彻底醒过来的秦贵仪看到屋里有人先是一愣,而后撑着手边倒下的凳子站了起来。走了两步,坐在了床边。
谢清辞问出了心中的疑惑,“秦贵仪,我们能救你,也能要你的命,你现在说清楚,当年为何要眼睁睁看着我和母妃被打入冷宫。”
醒过来的秦贵仪脑子有些乱,听到谢清辞的话后,怔愣良久才道:“你和你的母妃出来了吗?这么快就出来了吗?”
说到这里,秦贵仪自嘲一笑,“那个贱人居然没有赶尽杀绝,真是稀奇!”
谢清辞有些无语,幽幽道:“距离那件事已经过去两年了,你觉得快吗?”
这话明显让秦贵仪再次怔在当场,她喃喃开口:“两年了?都过去两年了?那我......”秦贵仪抬起自己骨瘦如柴的手掌,突然笑出声来。
“原来,都过去两年之久了啊?”
说完这席话的秦贵仪再次陷入到了沉默中。
见秦贵仪突然又不说话了,谢清辞忽地出手,一把掐住她的脖颈,怒声道:“你还没有回答我的问题,当年一事,你可是早就知情了?”
秦贵仪被掐中脖颈,呼吸不畅,听到谢清辞的话,猛然意识到一个问题,她若就这样死了,就无法为她死去的孩儿报仇。
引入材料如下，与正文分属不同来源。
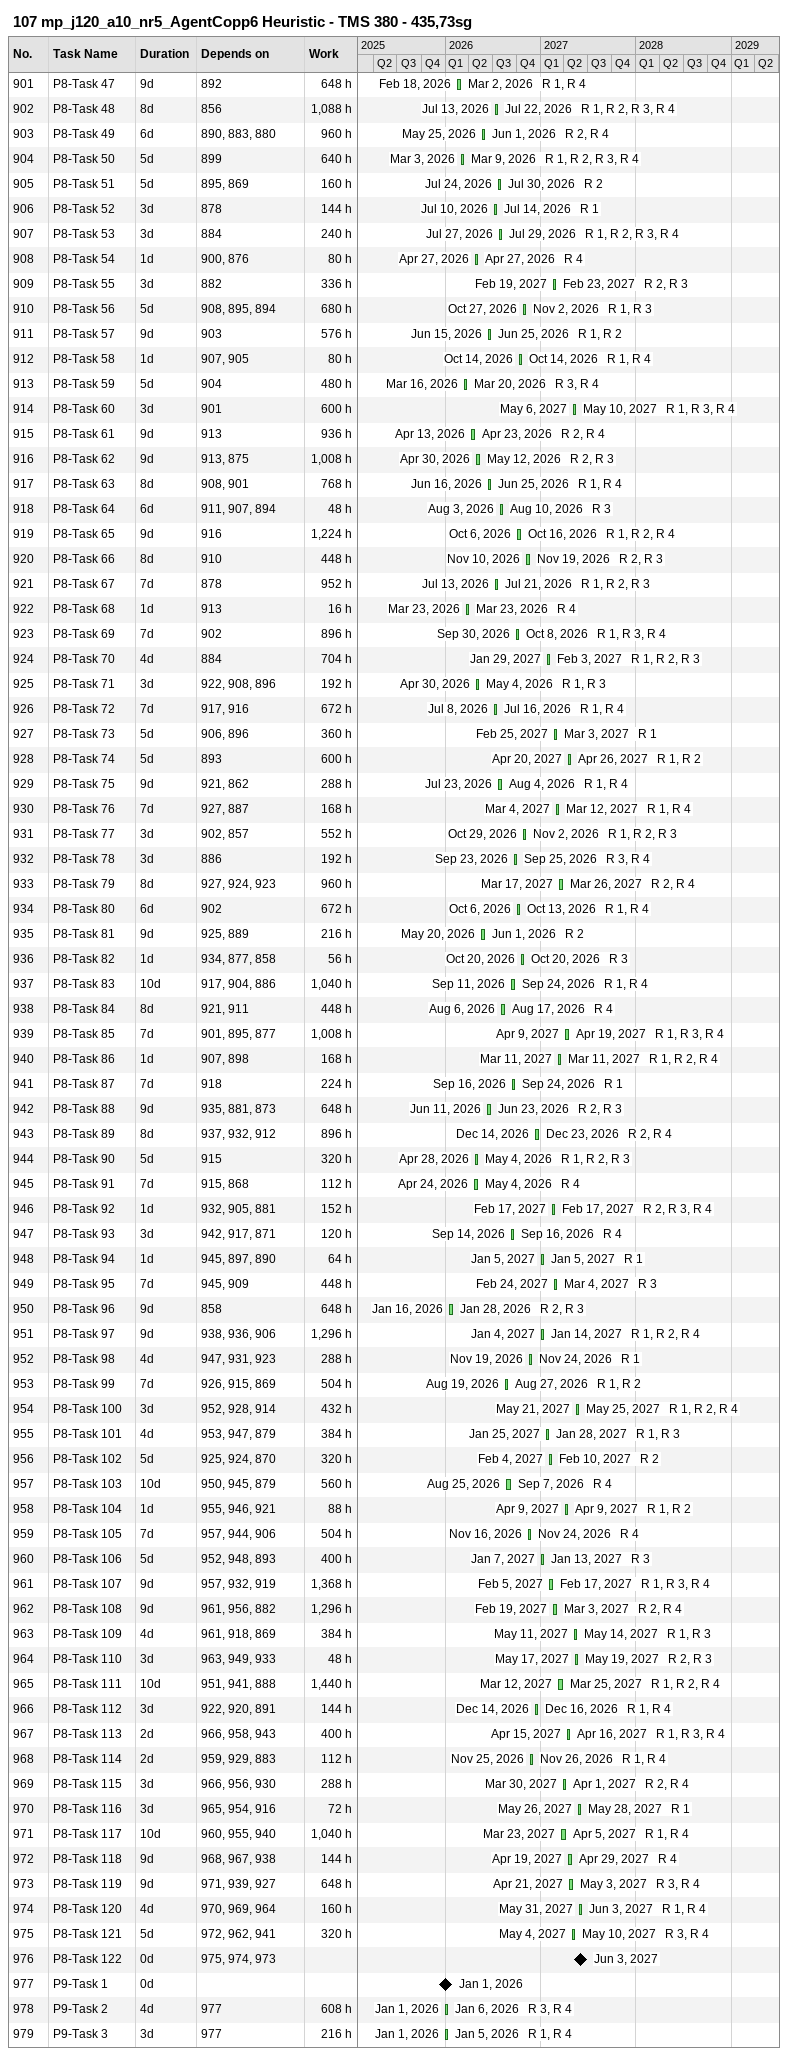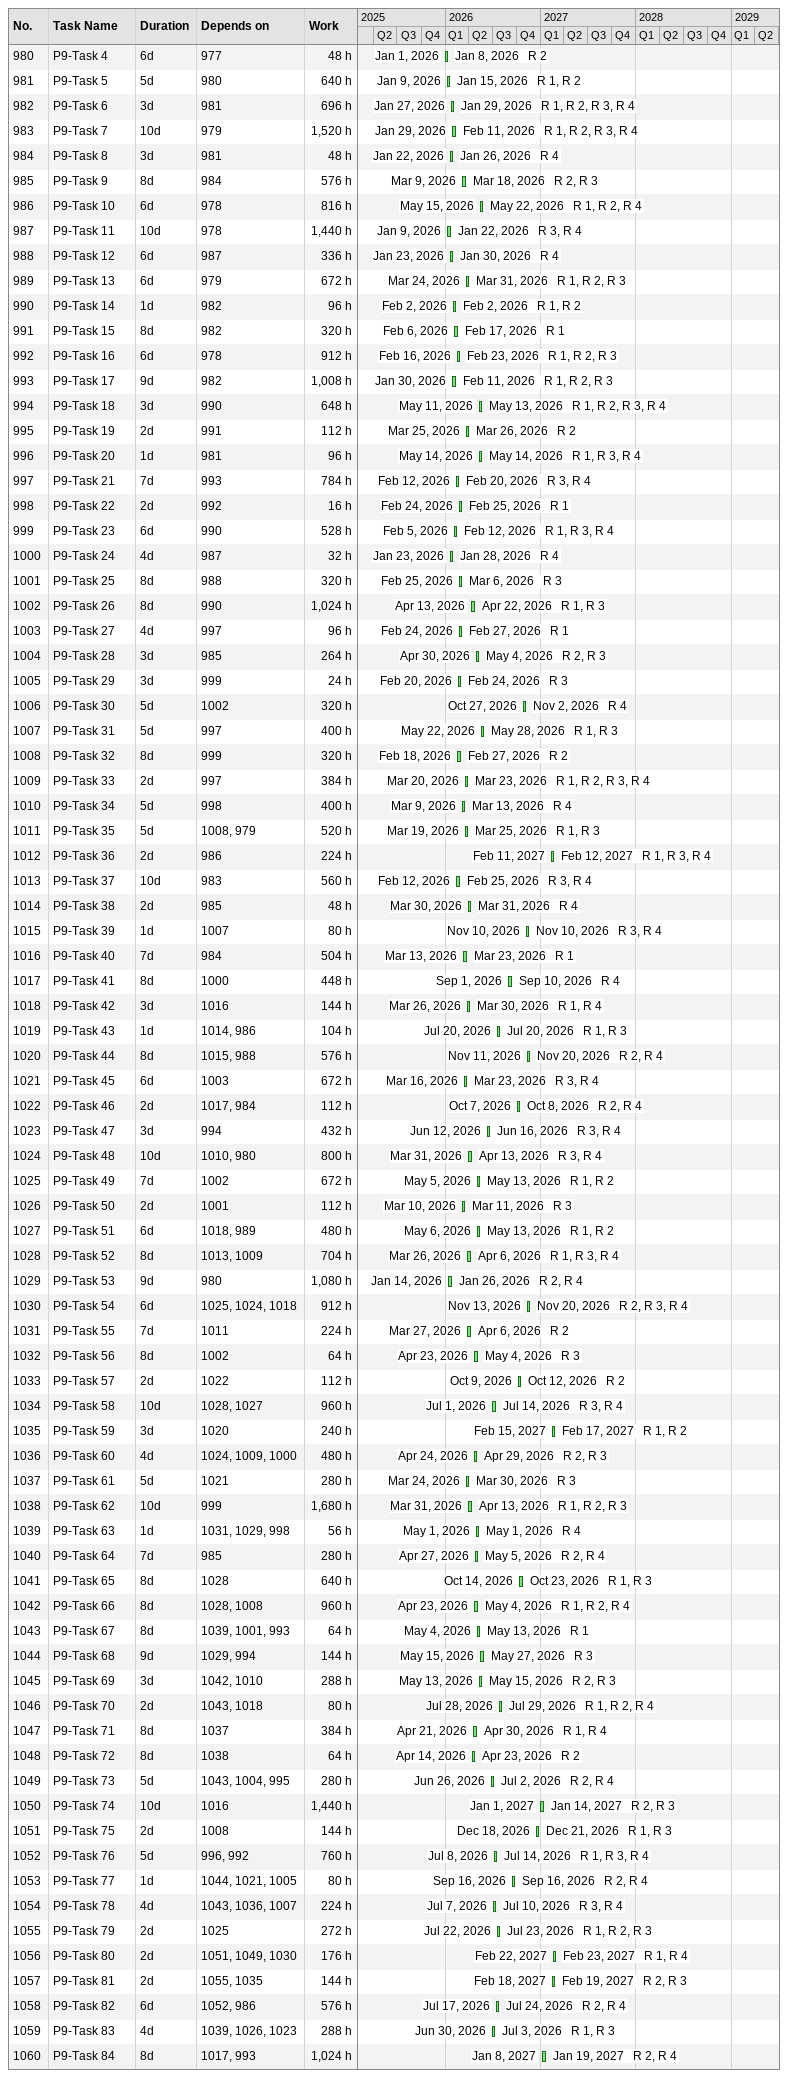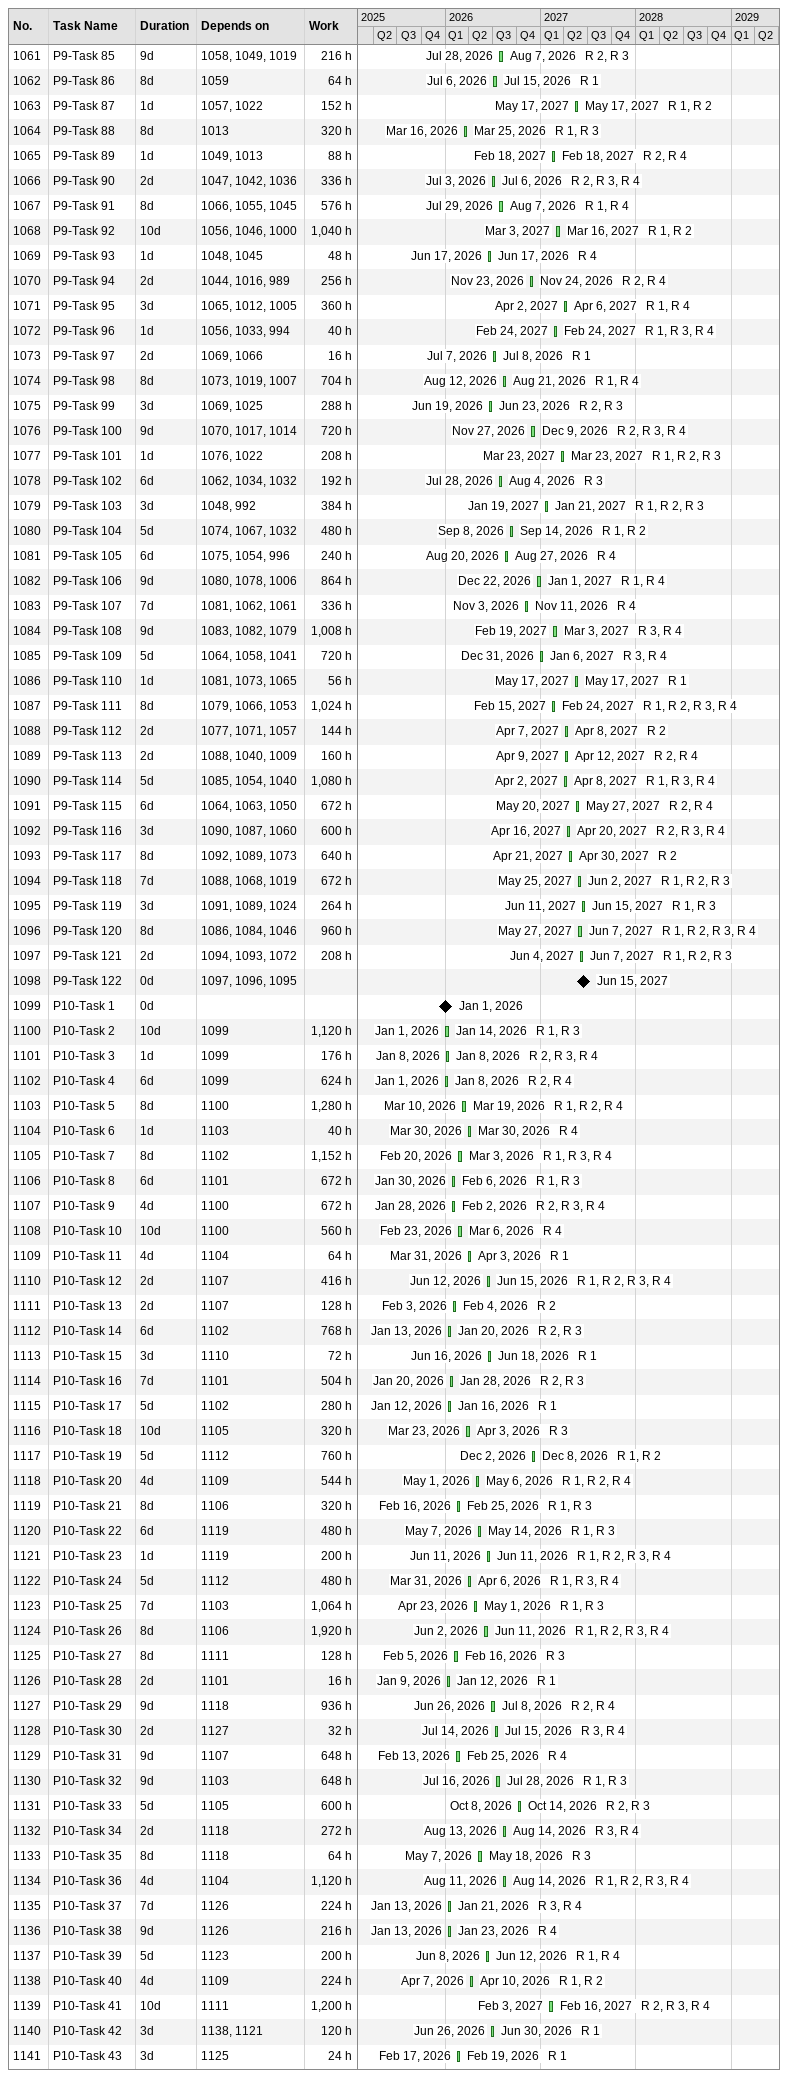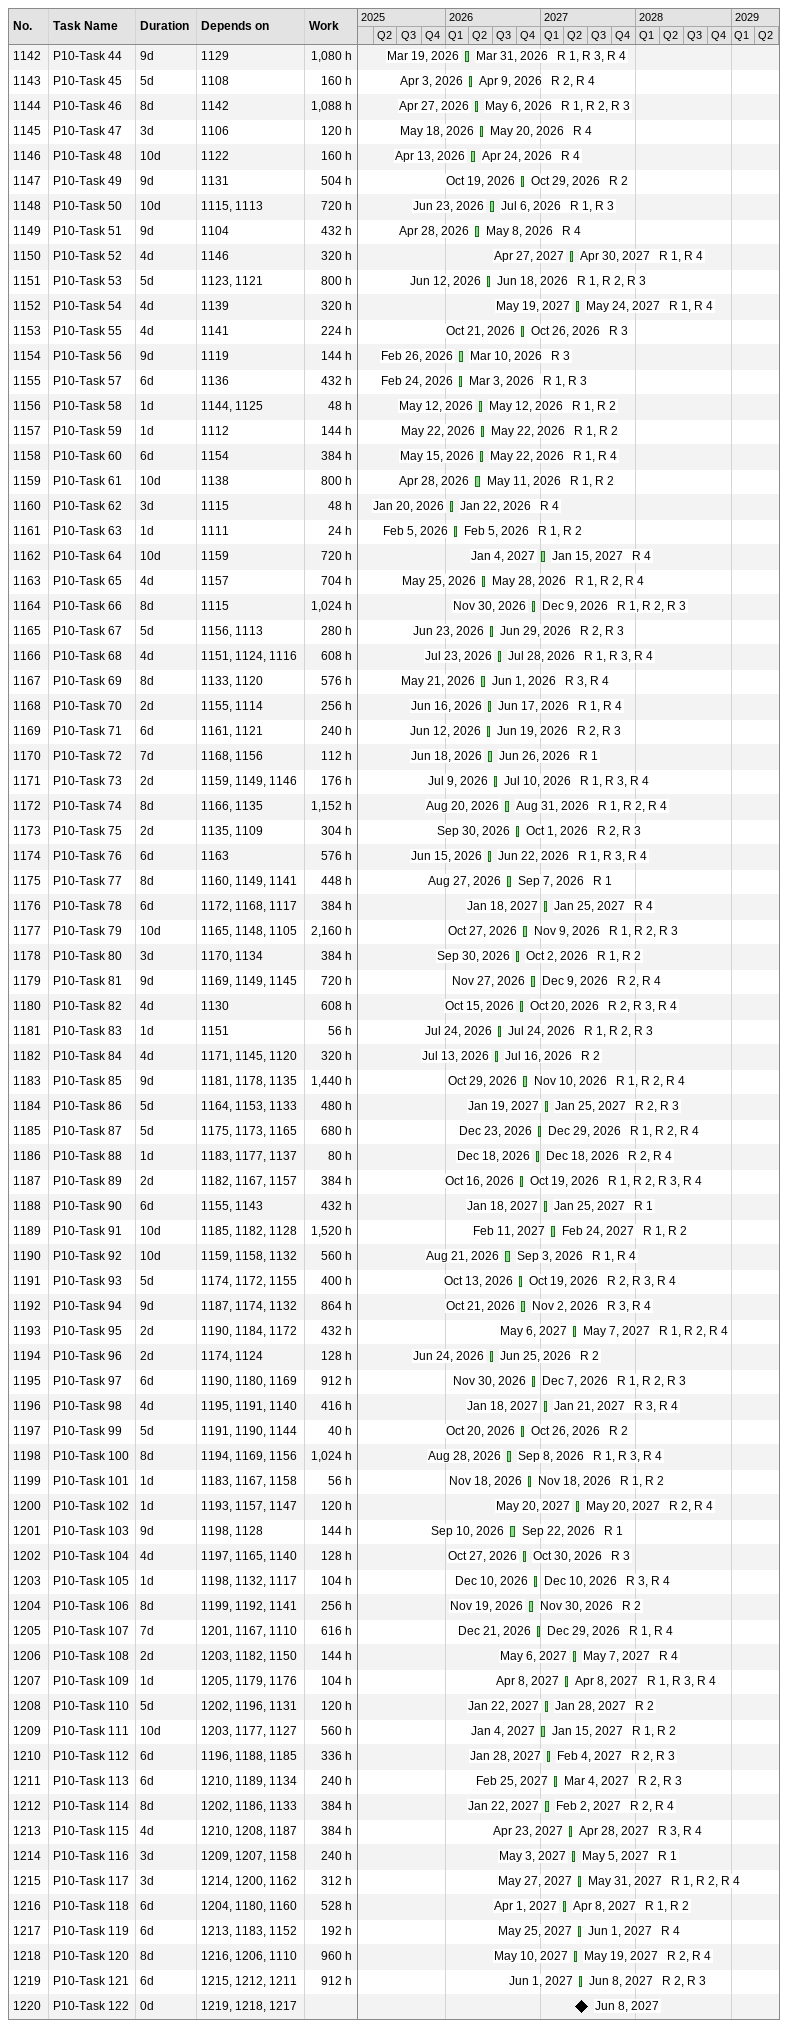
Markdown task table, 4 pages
107 mp_j120_a10_nr5_AgentCopp6 Heuristic - TMS 380 - 435,73sg

| ID | Task | Duration | Start | Finish | Predecessors | Resources | Work (h) |
|---|---|---|---|---|---|---|---|
| 901 | P8-Task 47 | 9d | 2026-02-18 | 2026-03-02 | 892 | R 1, R 4 | 648 |
| 902 | P8-Task 48 | 8d | 2026-07-13 | 2026-07-22 | 856 | R 1, R 2, R 3, R 4 | 1088 |
| 903 | P8-Task 49 | 6d | 2026-05-25 | 2026-06-01 | 890, 883, 880 | R 2, R 4 | 960 |
| 904 | P8-Task 50 | 5d | 2026-03-03 | 2026-03-09 | 899 | R 1, R 2, R 3, R 4 | 640 |
| 905 | P8-Task 51 | 5d | 2026-07-24 | 2026-07-30 | 895, 869 | R 2 | 160 |
| 906 | P8-Task 52 | 3d | 2026-07-10 | 2026-07-14 | 878 | R 1 | 144 |
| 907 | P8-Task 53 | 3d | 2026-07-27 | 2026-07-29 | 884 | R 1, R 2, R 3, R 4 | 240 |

她不能死,至少现在不能死。“我......我并不知情。是.....你同你的母妃被关进去的第三日,婉妃突然闯进我的宫殿,告诉我,所有的真相。”
“当我得知毒杀我孩儿的人是她,并非是你母妃时,我当时气怒之下,抄起旁边的花瓶砸向她,但没有成功,反倒被她命人,击中头部。自那后,我什么也不知道了。”
随着她道出真相,谢清辞渐渐松开掐住她脖颈的手。
“所以,你并非得了癔症,而是受了伤才变得疯疯癫癫?”许宁出声问道。
秦贵仪点头,满脸都是对婉妃的恨意和杀意。“不错,正是那个贱人害得我两年时间不如一个正常人。”
这个结果让许宁和谢清辞十分的意外。
不止是他们,外界所有人都认为,包括北夏帝都认为她是因为丧子才变得这般痴痴傻傻,却没想到是婉妃让人给打疯的。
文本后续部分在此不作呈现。